(WHAT IS EXPECTED) Your task is to copy each line of the records that includes the string "turned".

Stored data entries

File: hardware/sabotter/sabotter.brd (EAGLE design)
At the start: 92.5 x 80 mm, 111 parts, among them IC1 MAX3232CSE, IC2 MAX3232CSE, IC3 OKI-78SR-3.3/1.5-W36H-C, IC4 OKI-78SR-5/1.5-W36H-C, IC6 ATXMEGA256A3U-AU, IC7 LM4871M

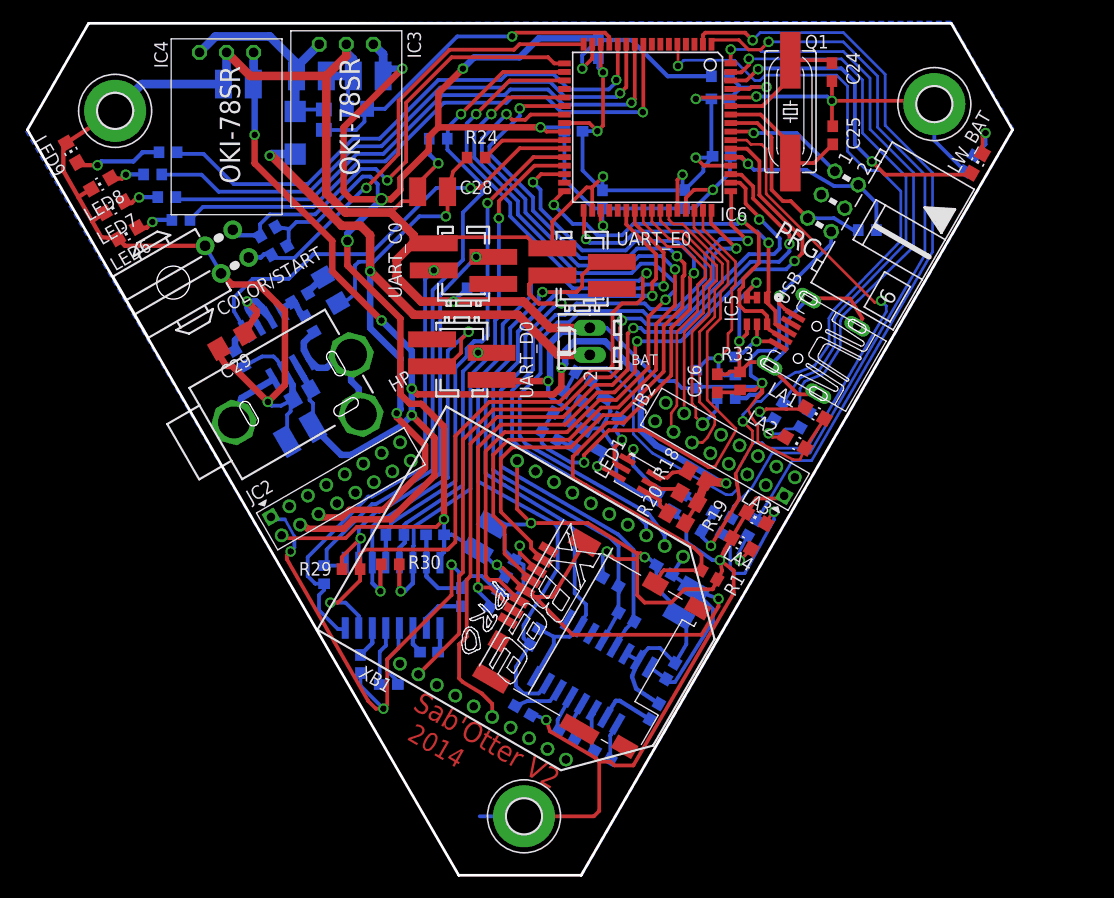
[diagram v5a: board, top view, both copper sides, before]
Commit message: sabotter: uart modified after Jdam  peer review
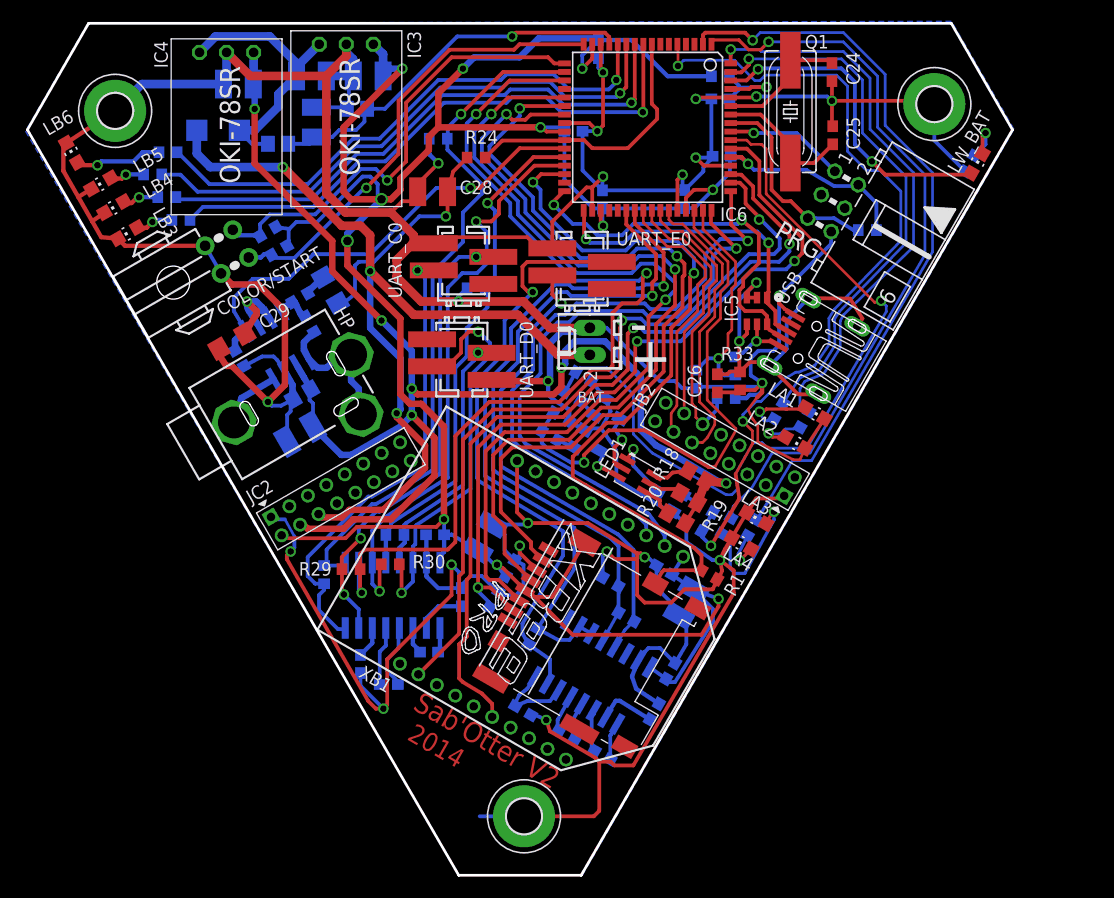
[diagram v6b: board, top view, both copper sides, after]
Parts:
- added C32: C_10UF, robotter_capacitor:C1210
- R24: value 10K-F -> 470
- R33: value (none) -> 10M
- T1, T2, T3: value (none) -> 2n2222
- moved D1 7.24 mm to (17.9, 70.0), turned to 0 degrees
- moved R23 4.87 mm to (23.5, 68.7), turned to 0 degrees
- moved R31 0.12 mm to (47.5, 22.4), turned to 120 degrees
- turned R30 to 180 degrees
- renumbered LED6 to LB3, LED7 to LB4, LED8 to LB5, LED9 to LB6
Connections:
- removed net N$19: C10.1, IC1.6
- removed net PD4: JB2.9
- removed net PD5: JB2.10
- removed net PD6: JB2.8
- removed net PD7: JB2.7
- new net V-: C10.1, IC1.6, IC1.8
- net AUDIO_PWM_3V3: now also IC6.8
- net GND: now also C32.2; no longer IC1.14
- net TX_C0_232: now also IC2.7; no longer IC2.10
- net TX_C0_3V3: now also IC2.10; no longer IC2.7
- net TX_D0_232: now also IC2.14; no longer IC2.11
- net TX_D0_3V3: now also IC2.11; no longer IC2.14
- net TX_E0_232: now also IC1.7; no longer IC1.10, IC1.8
- net TX_E0_3V3: now also IC1.10, IC1.11; no longer IC1.7
- net VBAT_0_1V: now also C32.1
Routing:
- net AUDIO_PWM_3V3: track 8.13 -> 25.5 mm
- net V-: track 0.00 -> 8.50 mm
- net +12V: track 75.4 -> 81.9 mm
- net N$62: track 22.0 -> 27.2 mm
- net TX_E0_3V3: track 70.7 -> 65.7 mm
- net TX_C0_232: track 41.1 -> 46.0 mm, vias 2 -> 3
- net N$19: track 4.65 -> 0.00 mm
- net RX_E0_232: track 49.6 -> 45.4 mm
- net VBAT_0_1V: track 32.0 -> 35.9 mm
- net TX_C0_3V3: track 95.1 -> 91.3 mm
- net TX_D0_3V3: track 51.4 -> 55.2 mm
- net GND: track 583.1 -> 584.8 mm
- net TX_E0_232: track 55.8 -> 57.4 mm
- net TX_D0_232: track 37.5 -> 38.3 mm
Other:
- board text added: "+"
- board text added: "-"

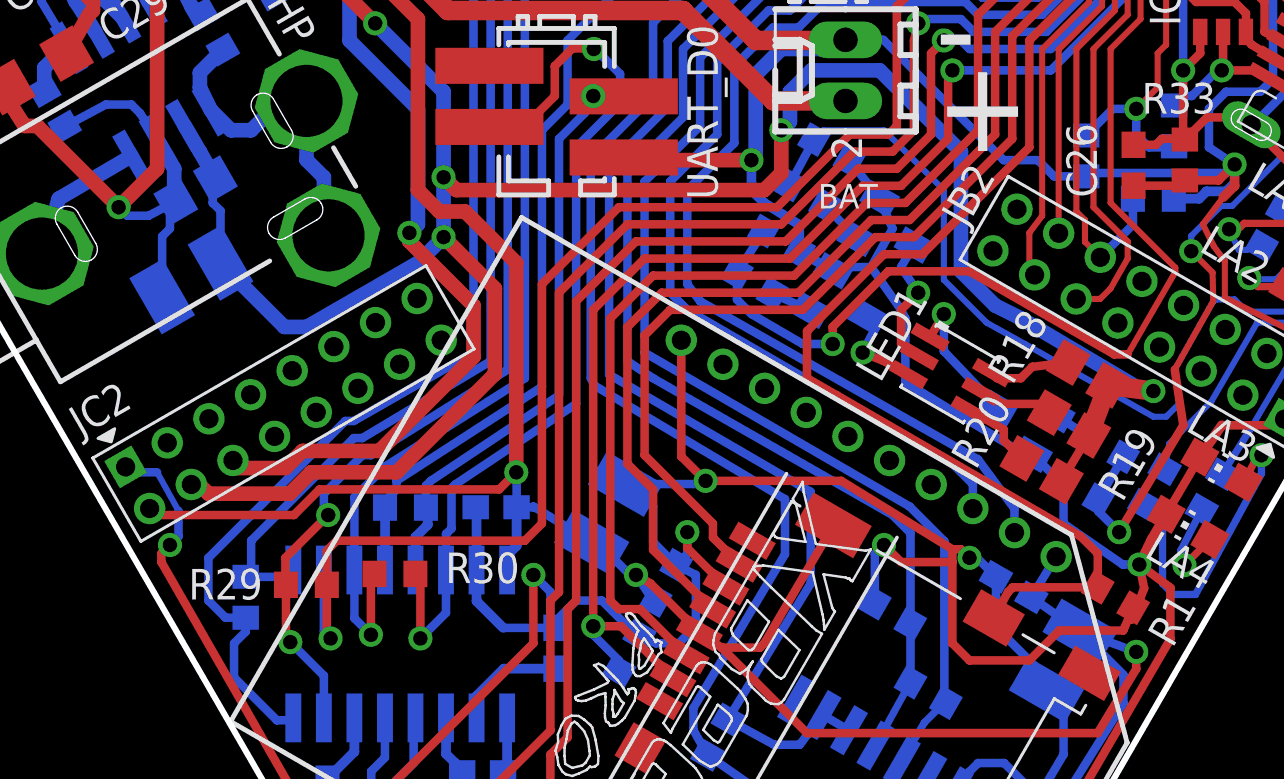
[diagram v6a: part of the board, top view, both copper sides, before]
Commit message: radiospares part number added
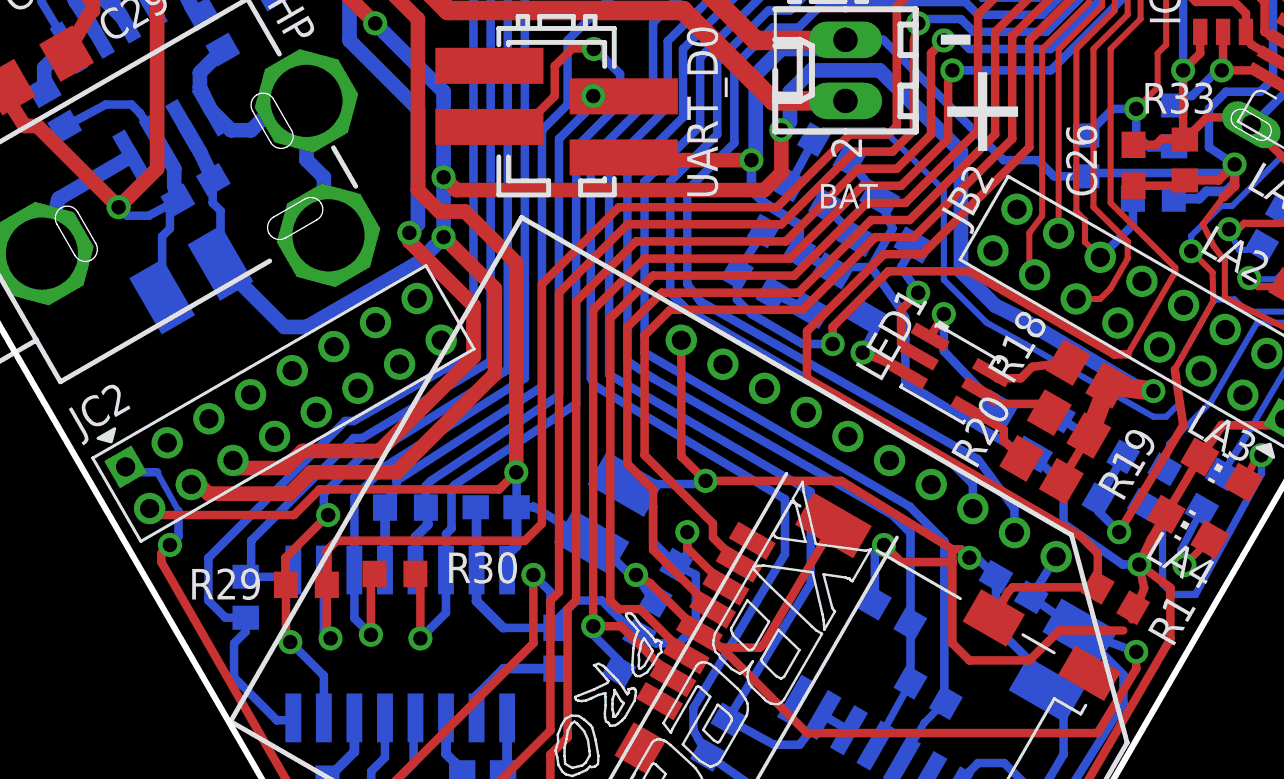
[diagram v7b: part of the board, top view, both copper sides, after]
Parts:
- C13: value 10UFC -> 10µF 35V
- C14, C15, C16, C2: value 10UFC -> 10UF-C_25V
- C28, C30, C32: value C_10UF -> 10UF-C_25V
- C31: value 100NF_50V_0805 -> 100nF_0603_50V; device robotter_capacitor:C0805 -> robotter_capacitor:C0603
- D1: device diode:SMA -> robotter_diode:SMA
- USB: device con-hirose:UX60-MB-5S8 -> robotter_connector:UX60-MB-5S8
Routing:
- net GND: track 584.8 -> 583.5 mm

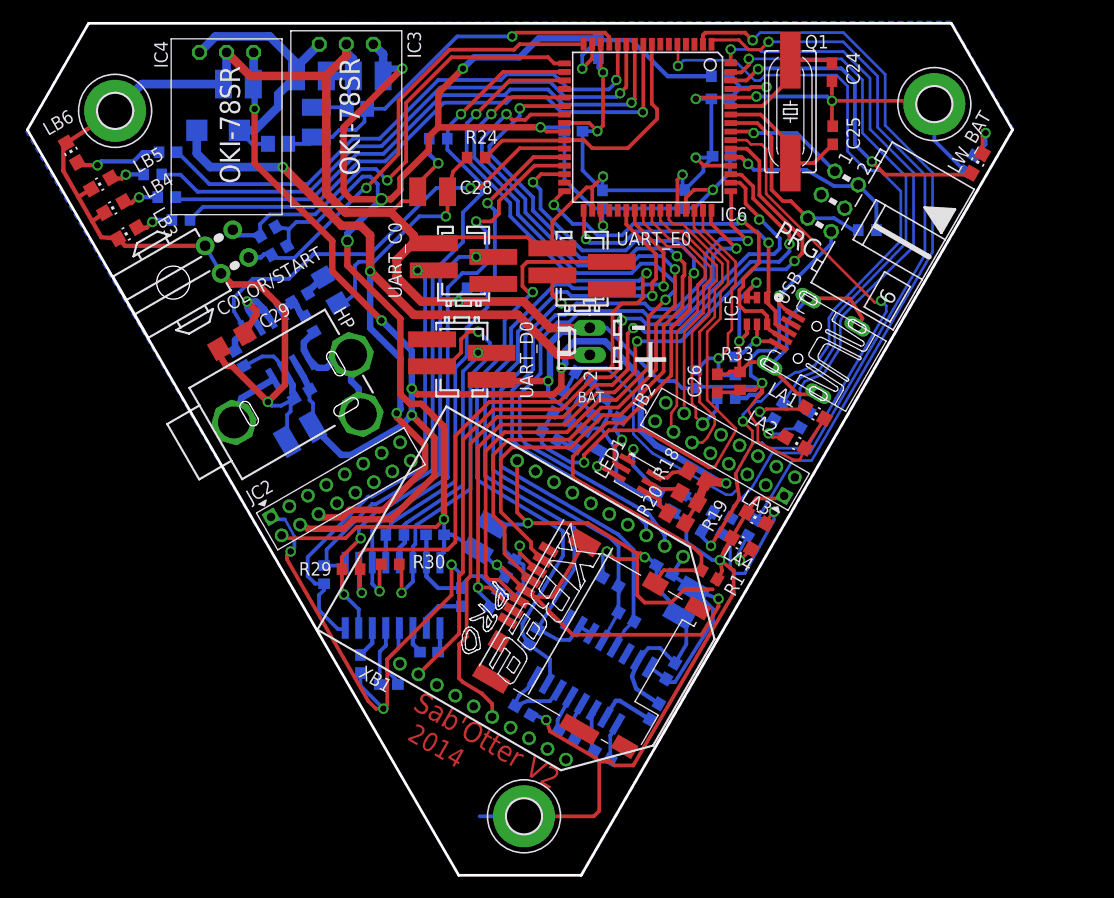
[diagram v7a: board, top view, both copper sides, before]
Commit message: sabotter/sabotter.sch
footprint correction
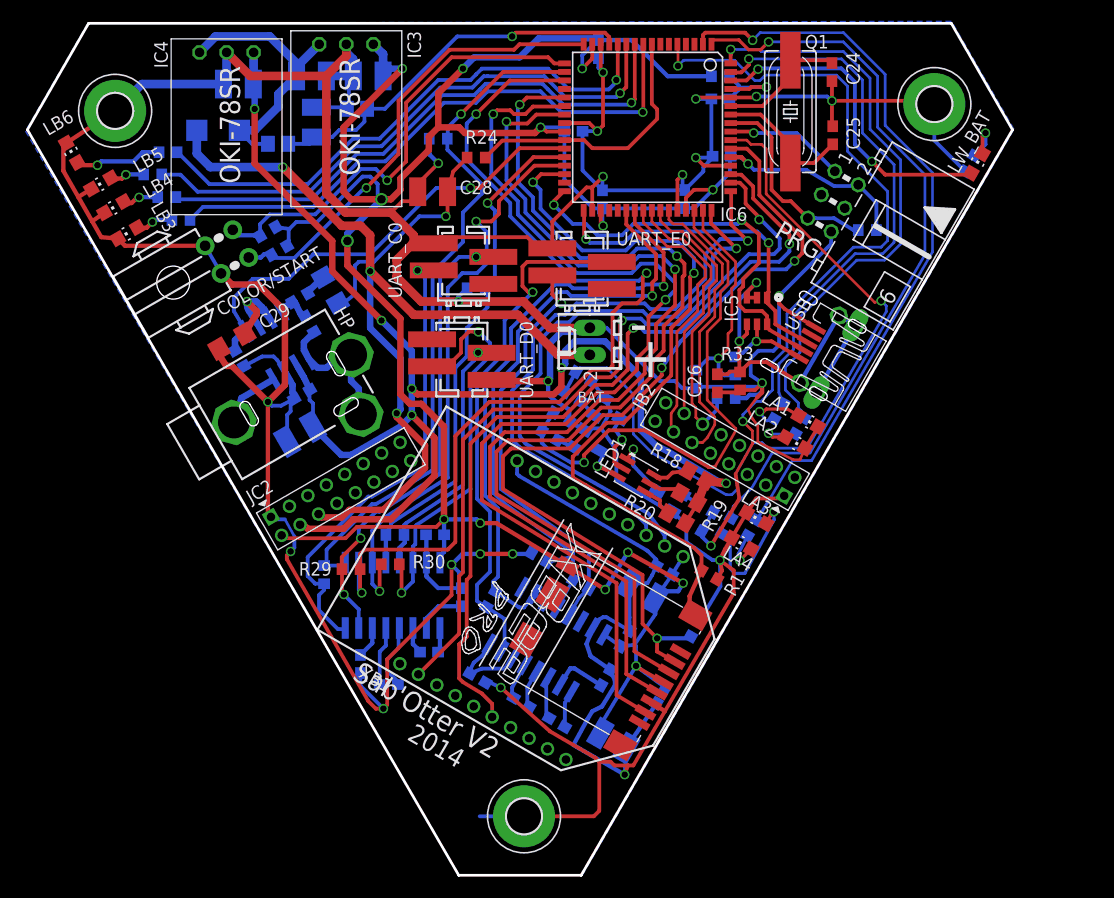
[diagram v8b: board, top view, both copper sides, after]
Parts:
- SD1: value 49225-0821 -> DM3CS-SF; device robotter_connector:49225-0821 -> robotter_connector:DM3CS-SF
- moved C2 22.6 mm to (55.0, 12.6), turned to 210 degrees
- moved R34 19.1 mm to (62.7, 23.2)
- moved C1 18.5 mm to (59.5, 16.9), turned to 300 degrees
- moved SD1 14.6 mm to (48.1, 24.9), turned to 240 degrees
- moved R41 7.08 mm to (48.1, 29.8)
- moved C11 5.58 mm to (54.3, 18.6)
- moved R31 5.29 mm to (43.5, 25.9)
- moved C3 5.24 mm to (56.1, 22.2)
- moved IC1 5.24 mm to (48.8, 22.1)
- moved C4 5.24 mm to (49.7, 14.3)
- moved C10 5.24 mm to (42.3, 18.5)
- moved C5 5.24 mm to (46.4, 16.3)
- moved R26 5.24 mm to (52.0, 27.3)
- moved C16 4.25 mm to (57.8, 26.7), turned to 30 degrees
- moved LA1 0.98 mm to (73.3, 42.6)
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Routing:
- net SD_MISO_3V3: track 74.5 -> 96.9 mm
- net SD_SCLK_3V3: track 76.7 -> 92.3 mm
- net SD_MOSI_3V3: track 80.8 -> 91.2 mm
- net GND: track 583.5 -> 592.6 mm, vias 23 -> 22
- net SD_CS_3V3: track 72.7 -> 81.6 mm
- net TX_E0_3V3: track 65.7 -> 57.1 mm
- net TX_E0_232: track 57.4 -> 50.0 mm
- net RX_E0_232: track 45.4 -> 39.7 mm
- net RX_E0_3V3: track 60.9 -> 57.8 mm
- net USB_5V: track 6.34 -> 8.59 mm
- net USB_DATA+: track 30.2 -> 32.4 mm
- net USB_DATA-: track 36.5 -> 38.7 mm
- net GND1: track 41.1 -> 38.9 mm
- net +3V3: track 269.8 -> 268.1 mm, vias 12 -> 15
- net LA2_3V3: track 53.7 -> 55.4 mm

(ANSWER TO THIS PROBLEM)
- moved D1 7.24 mm to (17.9, 70.0), turned to 0 degrees
- moved R23 4.87 mm to (23.5, 68.7), turned to 0 degrees
- moved R31 0.12 mm to (47.5, 22.4), turned to 120 degrees
- turned R30 to 180 degrees
- moved C2 22.6 mm to (55.0, 12.6), turned to 210 degrees
- moved C1 18.5 mm to (59.5, 16.9), turned to 300 degrees
- moved SD1 14.6 mm to (48.1, 24.9), turned to 240 degrees
- moved C16 4.25 mm to (57.8, 26.7), turned to 30 degrees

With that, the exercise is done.